* **Task prompt**: Starting at the line that holds "#1489 = DIRECTION" and stopping at the line that holds "#20893 = CARTESIAN_POINT", restate the records below word for word, with both of those lines included.

Items listed in a dataset:
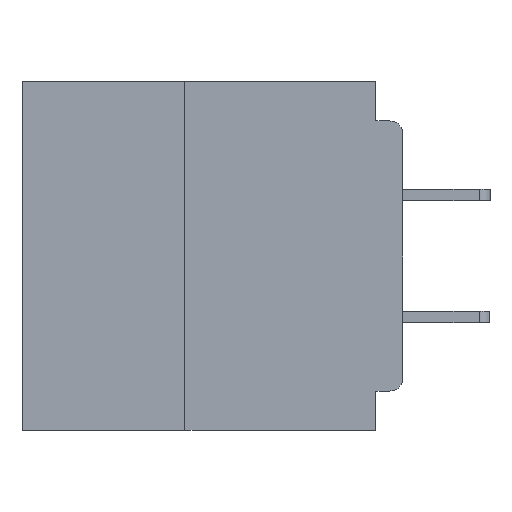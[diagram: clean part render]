
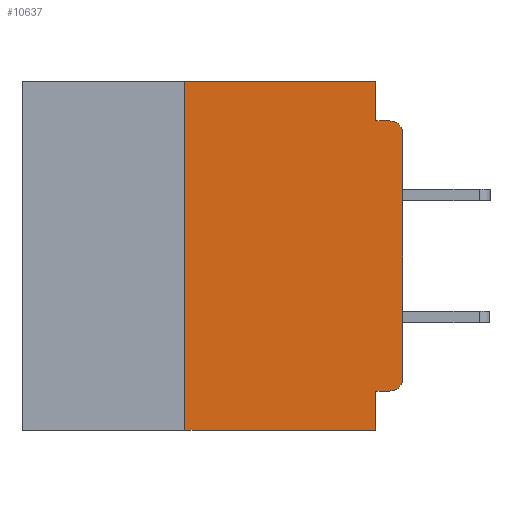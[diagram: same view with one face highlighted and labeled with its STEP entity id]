
A CAD part, left-side view. The second image highlights one B-rep face of the part: STEP entity #10637.
In plain terms, the highlighted planar face has unit normal (-1, 0, 0).
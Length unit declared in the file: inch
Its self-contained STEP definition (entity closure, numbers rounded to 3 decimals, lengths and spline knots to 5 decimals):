
#1217 = VERTEX_POINT ( 'NONE', #13294 ) ;
#1266 = ORIENTED_EDGE ( 'NONE', *, *, #7587, .F. ) ;
#1489 = DIRECTION ( 'NONE',  ( 0., 0., 1. ) ) ;
#1559 = AXIS2_PLACEMENT_3D ( 'NONE', #12978, #35878, #16295 ) ;
#1640 = VERTEX_POINT ( 'NONE', #31641 ) ;
#1700 = EDGE_LOOP ( 'NONE', ( #11613, #3839, #39808, #32110, #34176, #1266, #28546, #3336, #31618, #23982 ) ) ;
#2162 = DIRECTION ( 'NONE',  ( -1., 0., 0. ) ) ;
#3216 = VECTOR ( 'NONE', #35101, 39.37008 ) ;
#3336 = ORIENTED_EDGE ( 'NONE', *, *, #29663, .F. ) ;
#3399 = VERTEX_POINT ( 'NONE', #42530 ) ;
#3623 = LINE ( 'NONE', #9159, #27792 ) ;
#3645 = VECTOR ( 'NONE', #31697, 39.37008 ) ;
#3839 = ORIENTED_EDGE ( 'NONE', *, *, #20713, .T. ) ;
#6445 = LINE ( 'NONE', #35096, #31610 ) ;
#6574 = LINE ( 'NONE', #21226, #40003 ) ;
#7587 = EDGE_CURVE ( 'NONE', #1640, #3399, #32428, .T. ) ;
#8184 = VERTEX_POINT ( 'NONE', #29761 ) ;
#8872 = VECTOR ( 'NONE', #14461, 39.37008 ) ;
#9159 = CARTESIAN_POINT ( 'NONE',  ( 0., 0.437, 0. ) ) ;
#9552 = EDGE_CURVE ( 'NONE', #31668, #8184, #6574, .T. ) ;
#10194 = CARTESIAN_POINT ( 'NONE',  ( 0., 0.437, 0. ) ) ;
#10637 = ADVANCED_FACE ( 'NONE', ( #20738 ), #29822, .F. ) ;
#11267 = CARTESIAN_POINT ( 'NONE',  ( 0., 0., -0.34 ) ) ;
#11613 = ORIENTED_EDGE ( 'NONE', *, *, #9552, .T. ) ;
#11991 = VERTEX_POINT ( 'NONE', #23581 ) ;
#12474 = DIRECTION ( 'NONE',  ( 0., -1., 0. ) ) ;
#12978 = CARTESIAN_POINT ( 'NONE',  ( 0., 0.015, -0.06 ) ) ;
#13294 = CARTESIAN_POINT ( 'NONE',  ( 0., 0.031, 0. ) ) ;
#13464 = CARTESIAN_POINT ( 'NONE',  ( 0., 0.031, -0.4 ) ) ;
#13501 = DIRECTION ( 'NONE',  ( 1., 0., 0. ) ) ;
#13985 = VECTOR ( 'NONE', #36381, 39.37008 ) ;
#14342 = CARTESIAN_POINT ( 'NONE',  ( 0., 0.015, -0.045 ) ) ;
#14461 = DIRECTION ( 'NONE',  ( 0., -1., 0. ) ) ;
#16248 = AXIS2_PLACEMENT_3D ( 'NONE', #10194, #13501, #36383 ) ;
#16295 = DIRECTION ( 'NONE',  ( 0., 0., -1. ) ) ;
#16932 = CARTESIAN_POINT ( 'NONE',  ( 0., 0.25, -0.4 ) ) ;
#17581 = LINE ( 'NONE', #20893, #8872 ) ;
#18649 = CARTESIAN_POINT ( 'NONE',  ( 0., 0.031, -0.4 ) ) ;
#19800 = VERTEX_POINT ( 'NONE', #14342 ) ;
#20713 = EDGE_CURVE ( 'NONE', #8184, #19800, #25125, .T. ) ;
#20738 = FACE_OUTER_BOUND ( 'NONE', #1700, .T. ) ;
#20893 = CARTESIAN_POINT ( 'NONE',  ( 0., 0.437, -0.4 ) ) ;
#21226 = CARTESIAN_POINT ( 'NONE',  ( 0., 0., 0. ) ) ;
#21388 = AXIS2_PLACEMENT_3D ( 'NONE', #21878, #2162, #25200 ) ;
#21878 = CARTESIAN_POINT ( 'NONE',  ( 0., 0.015, -0.34 ) ) ;
#23581 = CARTESIAN_POINT ( 'NONE',  ( 0., 0.031, -0.355 ) ) ;
#23622 = EDGE_CURVE ( 'NONE', #1640, #28102, #17581, .T. ) ;
#23982 = ORIENTED_EDGE ( 'NONE', *, *, #36879, .T. ) ;
#24422 = CARTESIAN_POINT ( 'NONE',  ( 0., 0., -0.045 ) ) ;
#25081 = LINE ( 'NONE', #24422, #32735 ) ;
#25125 = CIRCLE ( 'NONE', #1559, 0.015 ) ;
#25200 = DIRECTION ( 'NONE',  ( 0., 0., -1. ) ) ;
#27661 = DIRECTION ( 'NONE',  ( 0., -1., 0. ) ) ;
#27792 = VECTOR ( 'NONE', #12474, 39.37008 ) ;
#27872 = EDGE_CURVE ( 'NONE', #31320, #11991, #6445, .T. ) ;
#28102 = VERTEX_POINT ( 'NONE', #13464 ) ;
#28546 = ORIENTED_EDGE ( 'NONE', *, *, #23622, .T. ) ;
#28851 = LINE ( 'NONE', #41600, #3645 ) ;
#29663 = EDGE_CURVE ( 'NONE', #11991, #28102, #38140, .T. ) ;
#29761 = CARTESIAN_POINT ( 'NONE',  ( 0., 0., -0.06 ) ) ;
#29822 = PLANE ( 'NONE',  #16248 ) ;
#31320 = VERTEX_POINT ( 'NONE', #42251 ) ;
#31610 = VECTOR ( 'NONE', #38379, 39.37008 ) ;
#31618 = ORIENTED_EDGE ( 'NONE', *, *, #27872, .F. ) ;
#31641 = CARTESIAN_POINT ( 'NONE',  ( 0., 0.25, -0.4 ) ) ;
#31668 = VERTEX_POINT ( 'NONE', #11267 ) ;
#31697 = DIRECTION ( 'NONE',  ( 0., 0., -1. ) ) ;
#32110 = ORIENTED_EDGE ( 'NONE', *, *, #40556, .F. ) ;
#32428 = LINE ( 'NONE', #16932, #13985 ) ;
#32545 = CIRCLE ( 'NONE', #21388, 0.015 ) ;
#32713 = VERTEX_POINT ( 'NONE', #40138 ) ;
#32735 = VECTOR ( 'NONE', #27661, 39.37008 ) ;
#32814 = EDGE_CURVE ( 'NONE', #32713, #19800, #25081, .T. ) ;
#34176 = ORIENTED_EDGE ( 'NONE', *, *, #39251, .F. ) ;
#35096 = CARTESIAN_POINT ( 'NONE',  ( 0., 0., -0.355 ) ) ;
#35101 = DIRECTION ( 'NONE',  ( 0., 0., -1. ) ) ;
#35878 = DIRECTION ( 'NONE',  ( -1., 0., 0. ) ) ;
#36381 = DIRECTION ( 'NONE',  ( 0., 0., 1. ) ) ;
#36383 = DIRECTION ( 'NONE',  ( 0., 0., -1. ) ) ;
#36879 = EDGE_CURVE ( 'NONE', #31320, #31668, #32545, .T. ) ;
#38140 = LINE ( 'NONE', #18649, #3216 ) ;
#38379 = DIRECTION ( 'NONE',  ( 0., 1., 0. ) ) ;
#39251 = EDGE_CURVE ( 'NONE', #3399, #1217, #3623, .T. ) ;
#39808 = ORIENTED_EDGE ( 'NONE', *, *, #32814, .F. ) ;
#40003 = VECTOR ( 'NONE', #1489, 39.37008 ) ;
#40138 = CARTESIAN_POINT ( 'NONE',  ( 0., 0.031, -0.045 ) ) ;
#40556 = EDGE_CURVE ( 'NONE', #1217, #32713, #28851, .T. ) ;
#41600 = CARTESIAN_POINT ( 'NONE',  ( 0., 0.031, 0. ) ) ;
#42251 = CARTESIAN_POINT ( 'NONE',  ( 0., 0.015, -0.355 ) ) ;
#42530 = CARTESIAN_POINT ( 'NONE',  ( 0., 0.25, 0. ) ) ;

* **Written response**:
#1489 = DIRECTION ( 'NONE',  ( 0., 0., 1. ) ) ;
#1559 = AXIS2_PLACEMENT_3D ( 'NONE', #12978, #35878, #16295 ) ;
#1640 = VERTEX_POINT ( 'NONE', #31641 ) ;
#1700 = EDGE_LOOP ( 'NONE', ( #11613, #3839, #39808, #32110, #34176, #1266, #28546, #3336, #31618, #23982 ) ) ;
#2162 = DIRECTION ( 'NONE',  ( -1., 0., 0. ) ) ;
#3216 = VECTOR ( 'NONE', #35101, 39.37008 ) ;
#3336 = ORIENTED_EDGE ( 'NONE', *, *, #29663, .F. ) ;
#3399 = VERTEX_POINT ( 'NONE', #42530 ) ;
#3623 = LINE ( 'NONE', #9159, #27792 ) ;
#3645 = VECTOR ( 'NONE', #31697, 39.37008 ) ;
#3839 = ORIENTED_EDGE ( 'NONE', *, *, #20713, .T. ) ;
#6445 = LINE ( 'NONE', #35096, #31610 ) ;
#6574 = LINE ( 'NONE', #21226, #40003 ) ;
#7587 = EDGE_CURVE ( 'NONE', #1640, #3399, #32428, .T. ) ;
#8184 = VERTEX_POINT ( 'NONE', #29761 ) ;
#8872 = VECTOR ( 'NONE', #14461, 39.37008 ) ;
#9159 = CARTESIAN_POINT ( 'NONE',  ( 0., 0.437, 0. ) ) ;
#9552 = EDGE_CURVE ( 'NONE', #31668, #8184, #6574, .T. ) ;
#10194 = CARTESIAN_POINT ( 'NONE',  ( 0., 0.437, 0. ) ) ;
#10637 = ADVANCED_FACE ( 'NONE', ( #20738 ), #29822, .F. ) ;
#11267 = CARTESIAN_POINT ( 'NONE',  ( 0., 0., -0.34 ) ) ;
#11613 = ORIENTED_EDGE ( 'NONE', *, *, #9552, .T. ) ;
#11991 = VERTEX_POINT ( 'NONE', #23581 ) ;
#12474 = DIRECTION ( 'NONE',  ( 0., -1., 0. ) ) ;
#12978 = CARTESIAN_POINT ( 'NONE',  ( 0., 0.015, -0.06 ) ) ;
#13294 = CARTESIAN_POINT ( 'NONE',  ( 0., 0.031, 0. ) ) ;
#13464 = CARTESIAN_POINT ( 'NONE',  ( 0., 0.031, -0.4 ) ) ;
#13501 = DIRECTION ( 'NONE',  ( 1., 0., 0. ) ) ;
#13985 = VECTOR ( 'NONE', #36381, 39.37008 ) ;
#14342 = CARTESIAN_POINT ( 'NONE',  ( 0., 0.015, -0.045 ) ) ;
#14461 = DIRECTION ( 'NONE',  ( 0., -1., 0. ) ) ;
#16248 = AXIS2_PLACEMENT_3D ( 'NONE', #10194, #13501, #36383 ) ;
#16295 = DIRECTION ( 'NONE',  ( 0., 0., -1. ) ) ;
#16932 = CARTESIAN_POINT ( 'NONE',  ( 0., 0.25, -0.4 ) ) ;
#17581 = LINE ( 'NONE', #20893, #8872 ) ;
#18649 = CARTESIAN_POINT ( 'NONE',  ( 0., 0.031, -0.4 ) ) ;
#19800 = VERTEX_POINT ( 'NONE', #14342 ) ;
#20713 = EDGE_CURVE ( 'NONE', #8184, #19800, #25125, .T. ) ;
#20738 = FACE_OUTER_BOUND ( 'NONE', #1700, .T. ) ;
#20893 = CARTESIAN_POINT ( 'NONE',  ( 0., 0.437, -0.4 ) ) ;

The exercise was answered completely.